The Grainger criteria consist of several legal tests for philosophical beliefs:
The belief must be genuinely held; it must be a belief and not an opinion or viewpoint based on the present state of information available; it must be a belief as to a weighty and substantial aspect of human life and behavior; it must attain a certain level of cogency, seriousness, cohesion and importance; and it must be worthy of respect in a democratic society, not be incompatible with human dignity and not conflict with the fundamental rights of others.
Tayler held that Forstater’s belief about biological sex failed to meet the final requirement—that it not be incompatible with human dignity and not conflict with the fundamental rights of others.
Cases like this—which pit the actual lives of trans people against the beliefs of somebody who decided to test her colleagues’ patience by posting over 150 anti-trans tweets in a single week—are a win-win for anti-trans activists. If they prevail, they now have a new legal basis to treat trans people like garbage without reprisal. If they lose, they can bang on about how trans people are spreading a totalitarian belief system that crushes anyone who might disagree.
That’s why it’s frustrating to watch these developments as a trans person. This woman is not trans, the judge is not trans, the media now disseminating information about the case is largely not trans, J.K. Rowling is not trans. But now it’s trans people taking the blow online and in the media.

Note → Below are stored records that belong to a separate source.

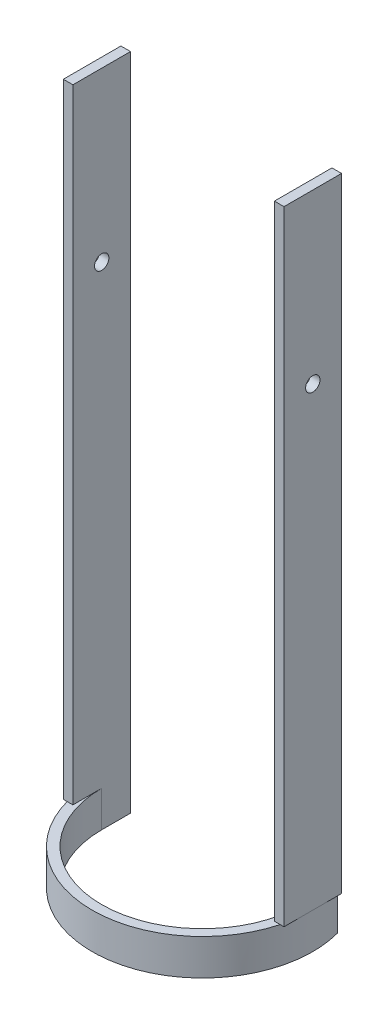
ISO-10303-21;
HEADER;
FILE_DESCRIPTION(('STEP AP214'),'2;1');
FILE_NAME('part.step','',(''),(''),'','','');
FILE_SCHEMA(('AUTOMOTIVE_DESIGN { 1 0 10303 214 1 1 1 1 }'));
ENDSEC;
DATA;
#1=APPLICATION_CONTEXT('core data for automotive mechanical design processes');
#2=APPLICATION_PROTOCOL_DEFINITION('international standard','automotive_design',2000,#1);
#3=PRODUCT_CONTEXT('',#1,'mechanical');
#4=PRODUCT('Part','Part','',(#3));
#5=PRODUCT_RELATED_PRODUCT_CATEGORY('part','',(#4));
#6=PRODUCT_DEFINITION_FORMATION('','',#4);
#7=PRODUCT_DEFINITION_CONTEXT('part definition',#1,'design');
#8=PRODUCT_DEFINITION('design','',#6,#7);
#9=PRODUCT_DEFINITION_SHAPE('','',#8);
#10=(LENGTH_UNIT() NAMED_UNIT(*) SI_UNIT(.MILLI.,.METRE.));
#11=(NAMED_UNIT(*) PLANE_ANGLE_UNIT() SI_UNIT($,.RADIAN.));
#12=(NAMED_UNIT(*) SI_UNIT($,.STERADIAN.) SOLID_ANGLE_UNIT());
#13=UNCERTAINTY_MEASURE_WITH_UNIT(LENGTH_MEASURE(1.E-05),#10,'distance_accuracy_value','');
#14=(GEOMETRIC_REPRESENTATION_CONTEXT(3) GLOBAL_UNCERTAINTY_ASSIGNED_CONTEXT((#13)) GLOBAL_UNIT_ASSIGNED_CONTEXT((#10,
#11,#12)) REPRESENTATION_CONTEXT('',''));
#15=CARTESIAN_POINT('',(0.,0.,0.));
#16=DIRECTION('',(0.,0.,1.));
#17=DIRECTION('',(1.,0.,0.));
#18=AXIS2_PLACEMENT_3D('',#15,#16,#17);
#19=CARTESIAN_POINT('',(-46.,30.,-12.));
#20=DIRECTION('',(0.,0.,1.));
#21=DIRECTION('',(1.,0.,0.));
#22=AXIS2_PLACEMENT_3D('',#19,#20,#21);
#23=PLANE('',#22);
#24=DIRECTION('',(1.,0.,0.));
#25=VECTOR('',#24,1.);
#26=CARTESIAN_POINT('',(-46.,30.,-12.));
#27=LINE('',#26,#25);
#28=CARTESIAN_POINT('',(-46.,30.,-12.));
#29=VERTEX_POINT('',#28);
#30=CARTESIAN_POINT('',(-44.407206622349,30.,-12.));
#31=VERTEX_POINT('',#30);
#32=EDGE_CURVE('E161',#29,#31,#27,.T.);
#33=ORIENTED_EDGE('',*,*,#32,.F.);
#34=DIRECTION('',(0.,-1.,0.));
#35=VECTOR('',#34,1.);
#36=CARTESIAN_POINT('',(-46.,30.,-12.));
#37=LINE('',#36,#35);
#38=CARTESIAN_POINT('',(-46.,290.,-12.));
#39=VERTEX_POINT('',#38);
#40=EDGE_CURVE('E247',#39,#29,#37,.T.);
#41=ORIENTED_EDGE('',*,*,#40,.F.);
#42=DIRECTION('',(-1.,0.,0.));
#43=VECTOR('',#42,1.);
#44=CARTESIAN_POINT('',(-46.,290.,-12.));
#45=LINE('',#44,#43);
#46=CARTESIAN_POINT('',(-42.,290.,-12.));
#47=VERTEX_POINT('',#46);
#48=EDGE_CURVE('E188',#47,#39,#45,.T.);
#49=ORIENTED_EDGE('',*,*,#48,.F.);
#50=DIRECTION('',(0.,-1.,0.));
#51=VECTOR('',#50,1.);
#52=CARTESIAN_POINT('',(-42.,30.,-12.));
#53=LINE('',#52,#51);
#54=CARTESIAN_POINT('',(-42.,15.,-12.));
#55=VERTEX_POINT('',#54);
#56=EDGE_CURVE('E222',#47,#55,#53,.T.);
#57=ORIENTED_EDGE('',*,*,#56,.T.);
#58=DIRECTION('',(1.,0.,0.));
#59=VECTOR('',#58,1.);
#60=CARTESIAN_POINT('',(66.6226252004804,15.,-12.));
#61=LINE('',#60,#59);
#62=CARTESIAN_POINT('',(-44.407206622349,15.,-12.));
#63=VERTEX_POINT('',#62);
#64=EDGE_CURVE('E172',#63,#55,#61,.T.);
#65=ORIENTED_EDGE('',*,*,#64,.F.);
#66=DIRECTION('',(0.,-1.,0.));
#67=VECTOR('',#66,1.);
#68=CARTESIAN_POINT('',(-44.407206622349,30.,-12.));
#69=LINE('',#68,#67);
#70=EDGE_CURVE('E143',#31,#63,#69,.T.);
#71=ORIENTED_EDGE('',*,*,#70,.F.);
#72=EDGE_LOOP('',(#33,#41,#49,#57,#65,#71));
#73=FACE_BOUND('',#72,.T.);
#74=ADVANCED_FACE('F34',(#73),#23,.F.);
#75=CARTESIAN_POINT('',(-46.,30.,0.));
#76=DIRECTION('',(1.,0.,0.));
#77=DIRECTION('',(0.,0.,-1.));
#78=AXIS2_PLACEMENT_3D('',#75,#76,#77);
#79=PLANE('',#78);
#80=CARTESIAN_POINT('',(-46.,220.,0.));
#81=DIRECTION('',(1.,0.,0.));
#82=DIRECTION('',(0.,0.,-1.));
#83=AXIS2_PLACEMENT_3D('',#80,#81,#82);
#84=CIRCLE('',#83,3.);
#85=CARTESIAN_POINT('',(-46.,220.,-3.));
#86=VERTEX_POINT('',#85);
#87=EDGE_CURVE('E159',#86,#86,#84,.T.);
#88=ORIENTED_EDGE('',*,*,#87,.T.);
#89=EDGE_LOOP('',(#88));
#90=FACE_BOUND('',#89,.T.);
#91=DIRECTION('',(0.,0.,-1.));
#92=VECTOR('',#91,1.);
#93=CARTESIAN_POINT('',(-46.,30.,0.));
#94=LINE('',#93,#92);
#95=CARTESIAN_POINT('',(-46.,30.,0.));
#96=VERTEX_POINT('',#95);
#97=EDGE_CURVE('E271',#96,#29,#94,.T.);
#98=ORIENTED_EDGE('',*,*,#97,.F.);
#99=DIRECTION('',(0.,0.,1.));
#100=VECTOR('',#99,1.);
#101=CARTESIAN_POINT('',(-46.,30.,-12.));
#102=LINE('',#101,#100);
#103=CARTESIAN_POINT('',(-46.,30.,12.));
#104=VERTEX_POINT('',#103);
#105=EDGE_CURVE('E178',#96,#104,#102,.T.);
#106=ORIENTED_EDGE('',*,*,#105,.T.);
#107=DIRECTION('',(0.,-1.,0.));
#108=VECTOR('',#107,1.);
#109=CARTESIAN_POINT('',(-46.,290.,12.));
#110=LINE('',#109,#108);
#111=CARTESIAN_POINT('',(-46.,290.,12.));
#112=VERTEX_POINT('',#111);
#113=EDGE_CURVE('E200',#112,#104,#110,.T.);
#114=ORIENTED_EDGE('',*,*,#113,.F.);
#115=DIRECTION('',(0.,0.,1.));
#116=VECTOR('',#115,1.);
#117=CARTESIAN_POINT('',(-46.,290.,-12.));
#118=LINE('',#117,#116);
#119=EDGE_CURVE('E179',#39,#112,#118,.T.);
#120=ORIENTED_EDGE('',*,*,#119,.F.);
#121=ORIENTED_EDGE('',*,*,#40,.T.);
#122=EDGE_LOOP('',(#98,#106,#114,#120,#121));
#123=FACE_BOUND('',#122,.T.);
#124=ADVANCED_FACE('F270',(#90,#123),#79,.F.);
#125=CARTESIAN_POINT('',(46.,30.,0.));
#126=DIRECTION('',(-1.,0.,0.));
#127=DIRECTION('',(0.,0.,1.));
#128=AXIS2_PLACEMENT_3D('',#125,#126,#127);
#129=PLANE('',#128);
#130=CARTESIAN_POINT('',(46.,220.,0.));
#131=DIRECTION('',(1.,0.,0.));
#132=DIRECTION('',(0.,0.,-1.));
#133=AXIS2_PLACEMENT_3D('',#130,#131,#132);
#134=CIRCLE('',#133,3.);
#135=CARTESIAN_POINT('',(46.,220.,-3.));
#136=VERTEX_POINT('',#135);
#137=EDGE_CURVE('E156',#136,#136,#134,.T.);
#138=ORIENTED_EDGE('',*,*,#137,.F.);
#139=EDGE_LOOP('',(#138));
#140=FACE_BOUND('',#139,.T.);
#141=DIRECTION('',(0.,0.,1.));
#142=VECTOR('',#141,1.);
#143=CARTESIAN_POINT('',(46.,30.,0.));
#144=LINE('',#143,#142);
#145=CARTESIAN_POINT('',(46.,30.,-12.));
#146=VERTEX_POINT('',#145);
#147=CARTESIAN_POINT('',(46.,30.,0.));
#148=VERTEX_POINT('',#147);
#149=EDGE_CURVE('E149',#146,#148,#144,.T.);
#150=ORIENTED_EDGE('',*,*,#149,.F.);
#151=DIRECTION('',(0.,-1.,0.));
#152=VECTOR('',#151,1.);
#153=CARTESIAN_POINT('',(46.,30.,-12.));
#154=LINE('',#153,#152);
#155=CARTESIAN_POINT('',(46.,290.,-12.));
#156=VERTEX_POINT('',#155);
#157=EDGE_CURVE('E155',#156,#146,#154,.T.);
#158=ORIENTED_EDGE('',*,*,#157,.F.);
#159=DIRECTION('',(0.,0.,-1.));
#160=VECTOR('',#159,1.);
#161=CARTESIAN_POINT('',(46.,290.,-12.));
#162=LINE('',#161,#160);
#163=CARTESIAN_POINT('',(46.,290.,12.));
#164=VERTEX_POINT('',#163);
#165=EDGE_CURVE('E204',#164,#156,#162,.T.);
#166=ORIENTED_EDGE('',*,*,#165,.F.);
#167=DIRECTION('',(0.,-1.,0.));
#168=VECTOR('',#167,1.);
#169=CARTESIAN_POINT('',(46.,290.,12.));
#170=LINE('',#169,#168);
#171=CARTESIAN_POINT('',(46.,30.,12.));
#172=VERTEX_POINT('',#171);
#173=EDGE_CURVE('E215',#164,#172,#170,.T.);
#174=ORIENTED_EDGE('',*,*,#173,.T.);
#175=DIRECTION('',(0.,0.,-1.));
#176=VECTOR('',#175,1.);
#177=CARTESIAN_POINT('',(46.,30.,-12.));
#178=LINE('',#177,#176);
#179=EDGE_CURVE('E203',#172,#148,#178,.T.);
#180=ORIENTED_EDGE('',*,*,#179,.T.);
#181=EDGE_LOOP('',(#150,#158,#166,#174,#180));
#182=FACE_BOUND('',#181,.T.);
#183=ADVANCED_FACE('F298',(#140,#182),#129,.F.);
#184=CARTESIAN_POINT('',(46.,30.,-12.));
#185=DIRECTION('',(0.,0.,1.));
#186=DIRECTION('',(1.,0.,0.));
#187=AXIS2_PLACEMENT_3D('',#184,#185,#186);
#188=PLANE('',#187);
#189=DIRECTION('',(1.,0.,0.));
#190=VECTOR('',#189,1.);
#191=CARTESIAN_POINT('',(46.,30.,-12.));
#192=LINE('',#191,#190);
#193=CARTESIAN_POINT('',(44.407206622349,30.,-12.));
#194=VERTEX_POINT('',#193);
#195=EDGE_CURVE('E147',#194,#146,#192,.T.);
#196=ORIENTED_EDGE('',*,*,#195,.F.);
#197=DIRECTION('',(0.,-1.,0.));
#198=VECTOR('',#197,1.);
#199=CARTESIAN_POINT('',(44.407206622349,30.,-12.));
#200=LINE('',#199,#198);
#201=CARTESIAN_POINT('',(44.407206622349,15.,-12.));
#202=VERTEX_POINT('',#201);
#203=EDGE_CURVE('E134',#202,#194,#200,.F.);
#204=ORIENTED_EDGE('',*,*,#203,.F.);
#205=CARTESIAN_POINT('',(42.,15.,-12.));
#206=VERTEX_POINT('',#205);
#207=EDGE_CURVE('E170',#206,#202,#61,.T.);
#208=ORIENTED_EDGE('',*,*,#207,.F.);
#209=DIRECTION('',(0.,-1.,0.));
#210=VECTOR('',#209,1.);
#211=CARTESIAN_POINT('',(42.,30.,-12.));
#212=LINE('',#211,#210);
#213=CARTESIAN_POINT('',(42.,290.,-12.));
#214=VERTEX_POINT('',#213);
#215=EDGE_CURVE('E243',#214,#206,#212,.T.);
#216=ORIENTED_EDGE('',*,*,#215,.F.);
#217=DIRECTION('',(-1.,0.,0.));
#218=VECTOR('',#217,1.);
#219=CARTESIAN_POINT('',(46.,290.,-12.));
#220=LINE('',#219,#218);
#221=EDGE_CURVE('E207',#156,#214,#220,.T.);
#222=ORIENTED_EDGE('',*,*,#221,.F.);
#223=ORIENTED_EDGE('',*,*,#157,.T.);
#224=EDGE_LOOP('',(#196,#204,#208,#216,#222,#223));
#225=FACE_BOUND('',#224,.T.);
#226=ADVANCED_FACE('F153',(#225),#188,.F.);
#227=CARTESIAN_POINT('',(66.6226252004804,15.,46.));
#228=DIRECTION('',(0.,1.,0.));
#229=DIRECTION('',(0.,0.,1.));
#230=AXIS2_PLACEMENT_3D('',#227,#228,#229);
#231=PLANE('',#230);
#232=ORIENTED_EDGE('',*,*,#207,.T.);
#233=CARTESIAN_POINT('',(0.,15.,0.));
#234=DIRECTION('',(0.,1.,0.));
#235=DIRECTION('',(0.,0.,1.));
#236=AXIS2_PLACEMENT_3D('',#233,#234,#235);
#237=CIRCLE('',#236,46.);
#238=EDGE_CURVE('E50',#63,#202,#237,.T.);
#239=ORIENTED_EDGE('',*,*,#238,.F.);
#240=ORIENTED_EDGE('',*,*,#64,.T.);
#241=DIRECTION('',(0.,0.,-1.));
#242=VECTOR('',#241,1.);
#243=CARTESIAN_POINT('',(-42.,15.,0.));
#244=LINE('',#243,#242);
#245=CARTESIAN_POINT('',(-42.,15.,0.));
#246=VERTEX_POINT('',#245);
#247=EDGE_CURVE('E56',#246,#55,#244,.T.);
#248=ORIENTED_EDGE('',*,*,#247,.F.);
#249=CARTESIAN_POINT('',(0.,15.,0.));
#250=DIRECTION('',(0.,1.,0.));
#251=DIRECTION('',(0.,0.,1.));
#252=AXIS2_PLACEMENT_3D('',#249,#250,#251);
#253=CIRCLE('',#252,42.);
#254=CARTESIAN_POINT('',(42.,15.,0.));
#255=VERTEX_POINT('',#254);
#256=EDGE_CURVE('E11',#255,#246,#253,.F.);
#257=ORIENTED_EDGE('',*,*,#256,.F.);
#258=DIRECTION('',(0.,0.,1.));
#259=VECTOR('',#258,1.);
#260=CARTESIAN_POINT('',(42.,15.,0.));
#261=LINE('',#260,#259);
#262=EDGE_CURVE('E173',#206,#255,#261,.T.);
#263=ORIENTED_EDGE('',*,*,#262,.F.);
#264=EDGE_LOOP('',(#232,#239,#240,#248,#257,#263));
#265=FACE_BOUND('',#264,.T.);
#266=ADVANCED_FACE('F280',(#265),#231,.F.);
#267=CARTESIAN_POINT('',(0.,30.,0.));
#268=DIRECTION('',(0.,1.,0.));
#269=DIRECTION('',(0.,0.,1.));
#270=AXIS2_PLACEMENT_3D('',#267,#268,#269);
#271=PLANE('',#270);
#272=DIRECTION('',(0.,0.,-1.));
#273=VECTOR('',#272,1.);
#274=CARTESIAN_POINT('',(-42.,30.,-12.));
#275=LINE('',#274,#273);
#276=CARTESIAN_POINT('',(-42.,30.,12.));
#277=VERTEX_POINT('',#276);
#278=CARTESIAN_POINT('',(-42.,30.,0.));
#279=VERTEX_POINT('',#278);
#280=EDGE_CURVE('E183',#277,#279,#275,.T.);
#281=ORIENTED_EDGE('',*,*,#280,.F.);
#282=DIRECTION('',(-1.,0.,0.));
#283=VECTOR('',#282,1.);
#284=CARTESIAN_POINT('',(0.,30.,12.));
#285=LINE('',#284,#283);
#286=CARTESIAN_POINT('',(-44.407206622349,30.,12.));
#287=VERTEX_POINT('',#286);
#288=EDGE_CURVE('E43',#277,#287,#285,.T.);
#289=ORIENTED_EDGE('',*,*,#288,.T.);
#290=CARTESIAN_POINT('',(0.,30.,0.));
#291=DIRECTION('',(0.,1.,0.));
#292=DIRECTION('',(0.,0.,1.));
#293=AXIS2_PLACEMENT_3D('',#290,#291,#292);
#294=CIRCLE('',#293,46.);
#295=CARTESIAN_POINT('',(44.407206622349,30.,12.));
#296=VERTEX_POINT('',#295);
#297=EDGE_CURVE('E235',#287,#296,#294,.T.);
#298=ORIENTED_EDGE('',*,*,#297,.T.);
#299=DIRECTION('',(1.,0.,0.));
#300=VECTOR('',#299,1.);
#301=CARTESIAN_POINT('',(46.,30.,12.));
#302=LINE('',#301,#300);
#303=CARTESIAN_POINT('',(42.,30.,12.));
#304=VERTEX_POINT('',#303);
#305=EDGE_CURVE('E208',#304,#296,#302,.T.);
#306=ORIENTED_EDGE('',*,*,#305,.F.);
#307=DIRECTION('',(0.,0.,1.));
#308=VECTOR('',#307,1.);
#309=CARTESIAN_POINT('',(42.,30.,-12.));
#310=LINE('',#309,#308);
#311=CARTESIAN_POINT('',(42.,30.,0.));
#312=VERTEX_POINT('',#311);
#313=EDGE_CURVE('E219',#312,#304,#310,.T.);
#314=ORIENTED_EDGE('',*,*,#313,.F.);
#315=CARTESIAN_POINT('',(0.,30.,0.));
#316=DIRECTION('',(0.,-1.,0.));
#317=DIRECTION('',(0.,0.,1.));
#318=AXIS2_PLACEMENT_3D('',#315,#316,#317);
#319=CIRCLE('',#318,42.);
#320=EDGE_CURVE('E234',#312,#279,#319,.T.);
#321=ORIENTED_EDGE('',*,*,#320,.T.);
#322=EDGE_LOOP('',(#281,#289,#298,#306,#314,#321));
#323=FACE_BOUND('',#322,.T.);
#324=ADVANCED_FACE('F255',(#323),#271,.T.);
#325=CARTESIAN_POINT('',(-42.,30.,0.));
#326=DIRECTION('',(-1.,0.,0.));
#327=DIRECTION('',(0.,0.,1.));
#328=AXIS2_PLACEMENT_3D('',#325,#326,#327);
#329=PLANE('',#328);
#330=CARTESIAN_POINT('',(-42.,220.,0.));
#331=DIRECTION('',(-1.,0.,0.));
#332=DIRECTION('',(0.,0.,1.));
#333=AXIS2_PLACEMENT_3D('',#330,#331,#332);
#334=CIRCLE('',#333,3.);
#335=CARTESIAN_POINT('',(-42.,220.,3.));
#336=VERTEX_POINT('',#335);
#337=EDGE_CURVE('E167',#336,#336,#334,.T.);
#338=ORIENTED_EDGE('',*,*,#337,.T.);
#339=EDGE_LOOP('',(#338));
#340=FACE_BOUND('',#339,.T.);
#341=DIRECTION('',(0.,-1.,0.));
#342=VECTOR('',#341,1.);
#343=CARTESIAN_POINT('',(-42.,30.,0.));
#344=LINE('',#343,#342);
#345=EDGE_CURVE('E237',#279,#246,#344,.T.);
#346=ORIENTED_EDGE('',*,*,#345,.T.);
#347=ORIENTED_EDGE('',*,*,#247,.T.);
#348=ORIENTED_EDGE('',*,*,#56,.F.);
#349=DIRECTION('',(0.,0.,-1.));
#350=VECTOR('',#349,1.);
#351=CARTESIAN_POINT('',(-42.,290.,-12.));
#352=LINE('',#351,#350);
#353=CARTESIAN_POINT('',(-42.,290.,12.));
#354=VERTEX_POINT('',#353);
#355=EDGE_CURVE('E185',#354,#47,#352,.T.);
#356=ORIENTED_EDGE('',*,*,#355,.F.);
#357=DIRECTION('',(0.,-1.,0.));
#358=VECTOR('',#357,1.);
#359=CARTESIAN_POINT('',(-42.,290.,12.));
#360=LINE('',#359,#358);
#361=EDGE_CURVE('E191',#354,#277,#360,.T.);
#362=ORIENTED_EDGE('',*,*,#361,.T.);
#363=ORIENTED_EDGE('',*,*,#280,.T.);
#364=EDGE_LOOP('',(#346,#347,#348,#356,#362,#363));
#365=FACE_BOUND('',#364,.T.);
#366=ADVANCED_FACE('F36',(#340,#365),#329,.F.);
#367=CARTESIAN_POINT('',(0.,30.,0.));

Commonly held beliefs don’t develop in a vacuum. Trans people have never had control over their own narrative, in science or in media. That has started to change recently, but by and large, cis people still hold the power to frame trans lives for the masses. Maintaining that power to define trans lives is what ultimately drives anti-trans activists, not only in their online presence but in the courts and more broadly.
As the case leads us into a new decade, it’s an example of trans people finally finding a tiny foothold in the story of our own lives and bodies. Tayler’s judgment recognizes that hard-earned, long-fought achievement. So does the backlash.